As much as we’d all like to snap our fingers and have our lives be different–be better, we can’t expect our lives to change unless our behavior changes.  One of the very simplest and most direct ways to do this is to get up and move our bodies through space.  Don’t worry about how much and how far.  Don’t worry about how much other people are shakin’ theirs and if shakin’ yours is making it any smaller.  Just shake it honey!  Move your bloomin’ arse!  Not sure how to begin?  Go ahead and check out the tools in the [Start] page of my website.  Enjoy!

Love,
The Fat Chick

Exercise Superstar!

I realize I’ve been promising to share some info with you about our big video shoot for weeks now.  Well better late than never, I guess!  In late March, we did a video shoot for a short piece about me and my completely fabulous students and my life as The Fat Chick!  In addition to the photo above, I’ve got a flikr page here:  [Fat Chick Works Out Video Shoot]  The weather was glorious and we had a fabulous time!  (Although I was a little nervous.)  I can’t wait to get through the editing to share the final piece with you.
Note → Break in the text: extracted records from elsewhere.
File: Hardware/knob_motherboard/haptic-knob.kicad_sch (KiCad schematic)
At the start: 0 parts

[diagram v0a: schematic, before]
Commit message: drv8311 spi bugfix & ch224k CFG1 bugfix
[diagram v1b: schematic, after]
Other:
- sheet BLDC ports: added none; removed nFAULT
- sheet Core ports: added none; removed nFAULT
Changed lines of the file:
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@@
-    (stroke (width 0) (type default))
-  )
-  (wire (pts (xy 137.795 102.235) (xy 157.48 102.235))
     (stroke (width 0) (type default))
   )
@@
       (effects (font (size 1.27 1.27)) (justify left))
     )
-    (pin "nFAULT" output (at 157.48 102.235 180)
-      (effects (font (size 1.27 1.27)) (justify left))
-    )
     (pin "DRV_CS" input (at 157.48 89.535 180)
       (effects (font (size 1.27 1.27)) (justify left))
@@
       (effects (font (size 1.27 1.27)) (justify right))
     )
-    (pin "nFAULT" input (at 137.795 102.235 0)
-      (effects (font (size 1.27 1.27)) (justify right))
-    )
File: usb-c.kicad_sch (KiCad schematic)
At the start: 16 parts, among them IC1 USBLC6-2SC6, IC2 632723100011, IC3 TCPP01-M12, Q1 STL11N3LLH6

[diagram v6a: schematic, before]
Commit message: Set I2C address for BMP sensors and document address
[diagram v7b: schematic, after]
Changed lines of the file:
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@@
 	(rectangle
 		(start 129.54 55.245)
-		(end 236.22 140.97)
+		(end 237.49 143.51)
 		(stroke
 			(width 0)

I love to teach.  I love my students.  I especially love how different they are from one another and what they bring to the class–their energy, their joy and their sense of humor.  If you live in the LA area, and you’ve been thinking about taking a class with me, I hope you’ll just come on over and give it a try.  You can find out more class information here:  [Fat Chick Class Calendar]  Scroll down to the bottom of the page for the calendar.  Come on, and join the fun.  W00t!

Stuff that Weighs More than Me: The World’s Largest (Easter) Basket

Keeping with the Easter theme, today we’re talking about the world’s biggest basket (which becomes the world’s largest Easter basket but only between Palm Sunday and Easter Sunday).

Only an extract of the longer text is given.